Le livre Brûlure, réalisé essentiellement à partir de polaroïds, est une expérience, une initiation secrète imaginée par une femme, une traversée du feu. Une tentative de saisir le point de feu qui marque une substance comme l’instant d’amour marque une existence.
Dès les premières pages, sans trop savoir où nous allons, voilà que nous progressons lentement sur un chemin de brûlure et de métamorphoses. Nous traversons des paysages, des corps, des forêts, des scintillements, une rivière, le temps. Des peintures anciennes se devinent et un geste se répète : quelque chose a lieu.
Comme dans La divine comédie de Dante, Brûlure de Linda Tuloup, mis en page par le graphiste Ruedi Baur, nous entraîne lentement dans l’obscure clarté où l’être ne finit jamais d’errer. Avec ses images délicates, la photographe pousse nos corps et nos âmes dans les constellations de l’être, dans la question éternelle, dans l’éternelle nécessité de l’être. Les brûlures qu’elle risque sont là afin que les images se chargent d’aura bien plus qu’elles ne disparaissent. Lorsqu’elles brûlent, soudain en leur centre, une amande incise s’ouvre afin qu’accouche un autre territoire. Linda Tuloup traque l’insaisissable, accompagnée par les phrases de Colin Lemoine. Chacune et chacun tournent autour d’un tel espace entre flamme et cendre.

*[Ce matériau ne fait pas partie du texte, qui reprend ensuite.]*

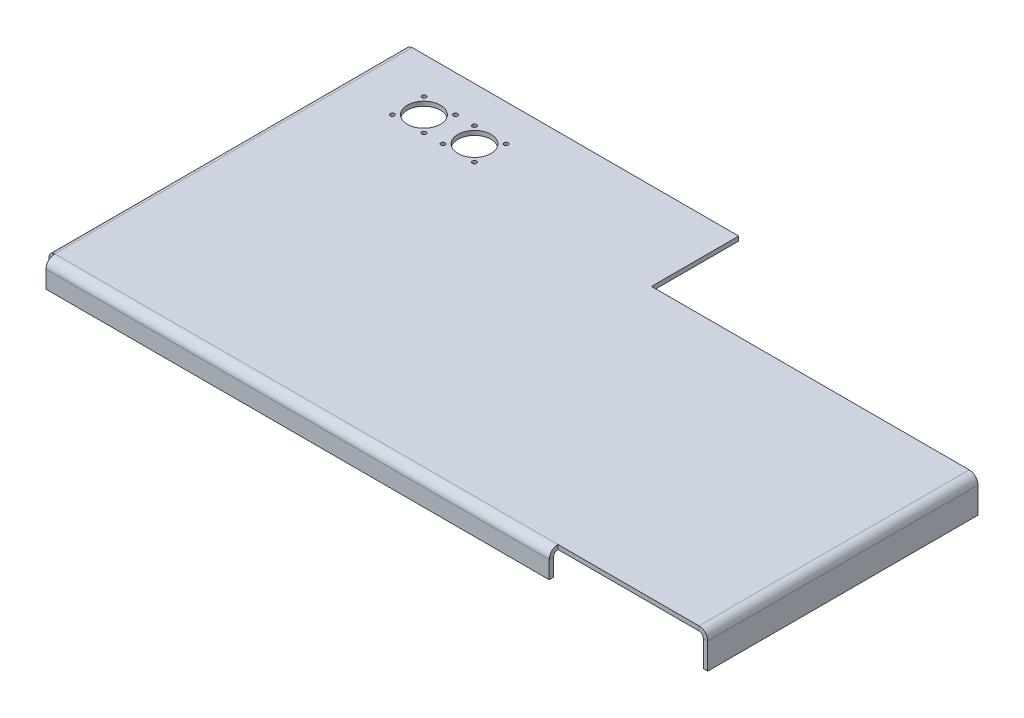
ISO-10303-21;
HEADER;
FILE_DESCRIPTION(('STEP AP214'),'2;1');
FILE_NAME('part.step','',(''),(''),'','','');
FILE_SCHEMA(('AUTOMOTIVE_DESIGN { 1 0 10303 214 1 1 1 1 }'));
ENDSEC;
DATA;
#1=APPLICATION_CONTEXT('core data for automotive mechanical design processes');
#2=APPLICATION_PROTOCOL_DEFINITION('international standard','automotive_design',2000,#1);
#3=PRODUCT_CONTEXT('',#1,'mechanical');
#4=PRODUCT('Part','Part','',(#3));
#5=PRODUCT_RELATED_PRODUCT_CATEGORY('part','',(#4));
#6=PRODUCT_DEFINITION_FORMATION('','',#4);
#7=PRODUCT_DEFINITION_CONTEXT('part definition',#1,'design');
#8=PRODUCT_DEFINITION('design','',#6,#7);
#9=PRODUCT_DEFINITION_SHAPE('','',#8);
#10=(LENGTH_UNIT() NAMED_UNIT(*) SI_UNIT(.MILLI.,.METRE.));
#11=(NAMED_UNIT(*) PLANE_ANGLE_UNIT() SI_UNIT($,.RADIAN.));
#12=(NAMED_UNIT(*) SI_UNIT($,.STERADIAN.) SOLID_ANGLE_UNIT());
#13=UNCERTAINTY_MEASURE_WITH_UNIT(LENGTH_MEASURE(1.E-05),#10,'distance_accuracy_value','');
#14=(GEOMETRIC_REPRESENTATION_CONTEXT(3) GLOBAL_UNCERTAINTY_ASSIGNED_CONTEXT((#13)) GLOBAL_UNIT_ASSIGNED_CONTEXT((#10,
#11,#12)) REPRESENTATION_CONTEXT('',''));
#15=CARTESIAN_POINT('',(0.,0.,0.));
#16=DIRECTION('',(0.,0.,1.));
#17=DIRECTION('',(1.,0.,0.));
#18=AXIS2_PLACEMENT_3D('',#15,#16,#17);
#19=CARTESIAN_POINT('',(0.,-25.4,-66.675));
#20=DIRECTION('',(0.,0.,1.));
#21=DIRECTION('',(1.,0.,0.));
#22=AXIS2_PLACEMENT_3D('',#19,#20,#21);
#23=PLANE('',#22);
#24=DIRECTION('',(0.,1.,0.));
#25=VECTOR('',#24,1.);
#26=CARTESIAN_POINT('',(234.59948,5.93886844464058E-13,-66.675));
#27=LINE('',#26,#25);
#28=CARTESIAN_POINT('',(234.59948,-25.4,-66.675));
#29=VERTEX_POINT('',#28);
#30=CARTESIAN_POINT('',(234.59948,-6.34999999999999,-66.675));
#31=VERTEX_POINT('',#30);
#32=EDGE_CURVE('E249',#29,#31,#27,.T.);
#33=ORIENTED_EDGE('',*,*,#32,.T.);
#34=DIRECTION('',(1.,0.,0.));
#35=VECTOR('',#34,1.);
#36=CARTESIAN_POINT('',(234.59948,-6.34999999999999,-66.675));
#37=LINE('',#36,#35);
#38=CARTESIAN_POINT('',(237.77448,-6.34999999999999,-66.675));
#39=VERTEX_POINT('',#38);
#40=EDGE_CURVE('E13',#31,#39,#37,.T.);
#41=ORIENTED_EDGE('',*,*,#40,.T.);
#42=DIRECTION('',(0.,1.,0.));
#43=VECTOR('',#42,1.);
#44=CARTESIAN_POINT('',(237.77448,6.04972297714885E-13,-66.675));
#45=LINE('',#44,#43);
#46=CARTESIAN_POINT('',(237.77448,-25.4,-66.675));
#47=VERTEX_POINT('',#46);
#48=EDGE_CURVE('E112',#47,#39,#45,.T.);
#49=ORIENTED_EDGE('',*,*,#48,.F.);
#50=DIRECTION('',(1.,0.,0.));
#51=VECTOR('',#50,1.);
#52=CARTESIAN_POINT('',(237.77448,-25.4,-66.675));
#53=LINE('',#52,#51);
#54=EDGE_CURVE('E411',#29,#47,#53,.T.);
#55=ORIENTED_EDGE('',*,*,#54,.F.);
#56=EDGE_LOOP('',(#33,#41,#49,#55));
#57=FACE_BOUND('',#56,.T.);
#58=ADVANCED_FACE('F98',(#57),#23,.F.);
#59=DIRECTION('',(1.,0.,0.));
#60=VECTOR('',#59,1.);
#61=CARTESIAN_POINT('',(0.,0.,-66.675));
#62=LINE('',#61,#60);
#63=CARTESIAN_POINT('',(0.,0.,-66.675));
#64=VERTEX_POINT('',#63);
#65=CARTESIAN_POINT('',(231.42448,0.,-66.675));
#66=VERTEX_POINT('',#65);
#67=EDGE_CURVE('E240',#64,#66,#62,.T.);
#68=ORIENTED_EDGE('',*,*,#67,.T.);
#69=DIRECTION('',(0.,-1.,0.));
#70=VECTOR('',#69,1.);
#71=CARTESIAN_POINT('',(231.42448,0.,-66.675));
#72=LINE('',#71,#70);
#73=CARTESIAN_POINT('',(231.42448,-3.17499999999999,-66.675));
#74=VERTEX_POINT('',#73);
#75=EDGE_CURVE('E106',#66,#74,#72,.T.);
#76=ORIENTED_EDGE('',*,*,#75,.T.);
#77=DIRECTION('',(1.,0.,0.));
#78=VECTOR('',#77,1.);
#79=CARTESIAN_POINT('',(0.,-3.175,-66.675));
#80=LINE('',#79,#78);
#81=CARTESIAN_POINT('',(0.,-3.175,-66.675));
#82=VERTEX_POINT('',#81);
#83=EDGE_CURVE('E248',#82,#74,#80,.T.);
#84=ORIENTED_EDGE('',*,*,#83,.F.);
#85=DIRECTION('',(0.,1.,0.));
#86=VECTOR('',#85,1.);
#87=CARTESIAN_POINT('',(0.,-25.4,-66.675));
#88=LINE('',#87,#86);
#89=EDGE_CURVE('E233',#82,#64,#88,.T.);
#90=ORIENTED_EDGE('',*,*,#89,.T.);
#91=EDGE_LOOP('',(#68,#76,#84,#90));
#92=FACE_BOUND('',#91,.T.);
#93=ADVANCED_FACE('F245',(#92),#23,.F.);
#94=CARTESIAN_POINT('',(-237.77448,-3.175,130.175));
#95=DIRECTION('',(0.,0.,1.));
#96=DIRECTION('',(1.,0.,0.));
#97=AXIS2_PLACEMENT_3D('',#94,#95,#96);
#98=PLANE('',#97);
#99=DIRECTION('',(1.,0.,0.));
#100=VECTOR('',#99,1.);
#101=CARTESIAN_POINT('',(-237.77448,-3.175,130.175));
#102=LINE('',#101,#100);
#103=CARTESIAN_POINT('',(128.70688,-3.175,130.175));
#104=VERTEX_POINT('',#103);
#105=CARTESIAN_POINT('',(231.42448,-3.17499999999999,130.175));
#106=VERTEX_POINT('',#105);
#107=EDGE_CURVE('E397',#104,#106,#102,.T.);
#108=ORIENTED_EDGE('',*,*,#107,.T.);
#109=DIRECTION('',(0.,1.,0.));
#110=VECTOR('',#109,1.);
#111=CARTESIAN_POINT('',(231.42448,-3.17499999999999,130.175));
#112=LINE('',#111,#110);
#113=CARTESIAN_POINT('',(231.42448,0.,130.175));
#114=VERTEX_POINT('',#113);
#115=EDGE_CURVE('E335',#106,#114,#112,.T.);
#116=ORIENTED_EDGE('',*,*,#115,.T.);
#117=DIRECTION('',(1.,0.,0.));
#118=VECTOR('',#117,1.);
#119=CARTESIAN_POINT('',(-237.77448,0.,130.175));
#120=LINE('',#119,#118);
#121=CARTESIAN_POINT('',(128.70688,0.,130.175));
#122=VERTEX_POINT('',#121);
#123=EDGE_CURVE('E406',#122,#114,#120,.T.);
#124=ORIENTED_EDGE('',*,*,#123,.F.);
#125=DIRECTION('',(0.,1.,0.));
#126=VECTOR('',#125,1.);
#127=CARTESIAN_POINT('',(128.70688,-3.17499999999997,130.175));
#128=LINE('',#127,#126);
#129=EDGE_CURVE('E120',#104,#122,#128,.T.);
#130=ORIENTED_EDGE('',*,*,#129,.F.);
#131=EDGE_LOOP('',(#108,#116,#124,#130));
#132=FACE_BOUND('',#131,.T.);
#133=ADVANCED_FACE('F446',(#132),#98,.T.);
#134=CARTESIAN_POINT('',(0.,-3.175,0.));
#135=DIRECTION('',(0.,1.,0.));
#136=DIRECTION('',(0.,0.,1.));
#137=AXIS2_PLACEMENT_3D('',#134,#135,#136);
#138=PLANE('',#137);
#139=CARTESIAN_POINT('',(-179.654811625042,-3.175,-80.5802127053283));
#140=DIRECTION('',(0.,1.,0.));
#141=DIRECTION('',(0.,0.,1.));
#142=AXIS2_PLACEMENT_3D('',#139,#140,#141);
#143=CIRCLE('',#142,1.52400000000001);
#144=CARTESIAN_POINT('',(-179.654811625042,-3.175,-79.0562127053283));
#145=VERTEX_POINT('',#144);
#146=EDGE_CURVE('E241',#145,#145,#143,.T.);
#147=ORIENTED_EDGE('',*,*,#146,.T.);
#148=EDGE_LOOP('',(#147));
#149=FACE_BOUND('',#148,.T.);
#150=CARTESIAN_POINT('',(-202.644148374958,-3.175,-80.5802127053283));
#151=DIRECTION('',(0.,1.,0.));
#152=DIRECTION('',(0.,0.,1.));
#153=AXIS2_PLACEMENT_3D('',#150,#151,#152);
#154=CIRCLE('',#153,1.52400000000001);
#155=CARTESIAN_POINT('',(-202.644148374958,-3.175,-79.0562127053283));
#156=VERTEX_POINT('',#155);
#157=EDGE_CURVE('E926',#156,#156,#154,.T.);
#158=ORIENTED_EDGE('',*,*,#157,.T.);
#159=EDGE_LOOP('',(#158));
#160=FACE_BOUND('',#159,.T.);
#161=CARTESIAN_POINT('',(-179.654811625042,-3.175,-103.569787294672));
#162=DIRECTION('',(0.,1.,0.));
#163=DIRECTION('',(0.,0.,1.));
#164=AXIS2_PLACEMENT_3D('',#161,#162,#163);
#165=CIRCLE('',#164,1.52400000000001);
#166=CARTESIAN_POINT('',(-179.654811625042,-3.175,-102.045787294672));
#167=VERTEX_POINT('',#166);
#168=EDGE_CURVE('E928',#167,#167,#165,.T.);
#169=ORIENTED_EDGE('',*,*,#168,.T.);
#170=EDGE_LOOP('',(#169));
#171=FACE_BOUND('',#170,.T.);
#172=CARTESIAN_POINT('',(-202.644148374958,-3.175,-103.569787294672));
#173=DIRECTION('',(0.,1.,0.));
#174=DIRECTION('',(0.,0.,1.));
#175=AXIS2_PLACEMENT_3D('',#172,#173,#174);
#176=CIRCLE('',#175,1.52400000000001);
#177=CARTESIAN_POINT('',(-202.644148374958,-3.175,-102.045787294672));
#178=VERTEX_POINT('',#177);
#179=EDGE_CURVE('E933',#178,#178,#176,.T.);
#180=ORIENTED_EDGE('',*,*,#179,.T.);
#181=EDGE_LOOP('',(#180));
#182=FACE_BOUND('',#181,.T.);
#183=CARTESIAN_POINT('',(-142.824811625042,-3.175,-103.569787294672));
#184=DIRECTION('',(0.,1.,0.));
#185=DIRECTION('',(0.,0.,1.));
#186=AXIS2_PLACEMENT_3D('',#183,#184,#185);
#187=CIRCLE('',#186,1.52400000000001);
#188=CARTESIAN_POINT('',(-142.824811625042,-3.175,-102.045787294672));
#189=VERTEX_POINT('',#188);
#190=EDGE_CURVE('E936',#189,#189,#187,.T.);
#191=ORIENTED_EDGE('',*,*,#190,.T.);
#192=EDGE_LOOP('',(#191));
#193=FACE_BOUND('',#192,.T.);
#194=CARTESIAN_POINT('',(-165.814148374958,-3.175,-80.5802127053283));
#195=DIRECTION('',(0.,1.,0.));
#196=DIRECTION('',(0.,0.,1.));
#197=AXIS2_PLACEMENT_3D('',#194,#195,#196);
#198=CIRCLE('',#197,1.52400000000001);
#199=CARTESIAN_POINT('',(-165.814148374958,-3.175,-79.0562127053283));
#200=VERTEX_POINT('',#199);
#201=EDGE_CURVE('E939',#200,#200,#198,.T.);
#202=ORIENTED_EDGE('',*,*,#201,.T.);
#203=EDGE_LOOP('',(#202));
#204=FACE_BOUND('',#203,.T.);
#205=CARTESIAN_POINT('',(-154.31948,-3.175,-92.075));
#206=DIRECTION('',(0.,1.,0.));
#207=DIRECTION('',(0.,0.,1.));
#208=AXIS2_PLACEMENT_3D('',#205,#206,#207);
#209=CIRCLE('',#208,12.065);
#210=CARTESIAN_POINT('',(-154.31948,-3.175,-80.01));
#211=VERTEX_POINT('',#210);
#212=EDGE_CURVE('E942',#211,#211,#209,.T.);
#213=ORIENTED_EDGE('',*,*,#212,.T.);
#214=EDGE_LOOP('',(#213));
#215=FACE_BOUND('',#214,.T.);
#216=CARTESIAN_POINT('',(-142.824811625042,-3.175,-80.5802127053283));
#217=DIRECTION('',(0.,1.,0.));
#218=DIRECTION('',(0.,0.,1.));
#219=AXIS2_PLACEMENT_3D('',#216,#217,#218);
#220=CIRCLE('',#219,1.52400000000001);
#221=CARTESIAN_POINT('',(-142.824811625042,-3.175,-79.0562127053283));
#222=VERTEX_POINT('',#221);
#223=EDGE_CURVE('E945',#222,#222,#220,.T.);
#224=ORIENTED_EDGE('',*,*,#223,.T.);
#225=EDGE_LOOP('',(#224));
#226=FACE_BOUND('',#225,.T.);
#227=CARTESIAN_POINT('',(-165.814148374958,-3.175,-103.569787294672));
#228=DIRECTION('',(0.,1.,0.));
#229=DIRECTION('',(0.,0.,1.));
#230=AXIS2_PLACEMENT_3D('',#227,#228,#229);
#231=CIRCLE('',#230,1.52400000000001);
#232=CARTESIAN_POINT('',(-165.814148374958,-3.175,-102.045787294672));
#233=VERTEX_POINT('',#232);
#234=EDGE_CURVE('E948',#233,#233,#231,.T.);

Une fois le livre refermé, plane au-dessus de nous le fantôme de la « question sans réponse » de Georges Bataille : « L’immensité, comme toi, n’a pas de robe. Silencieuse et nue, n’est-ce pas l’intimité de l’univers à laquelle t’ouvre un vertige intolérable ? ».
Linda Tuloup, à travers ses séries photographiques, la relation qu’elle entretient avec la nature et l’image du féminin, dépasse la simple séduction pour nous faire pénétrer dans un univers poétique où l’inconscient devient langage à part entière. Les mots de Colin Lemoine attisent la braise.
Ce sont des rites intimes qui débordent l’espace : des polaroïds dont elle passe la matière à la flamme, des pierres sur lesquelles elle révèle ses images, des films photographiques, dont FEU où le secret même des origines se transmet à travers une ville perdue, un visage absent, une nuée d’oiseaux.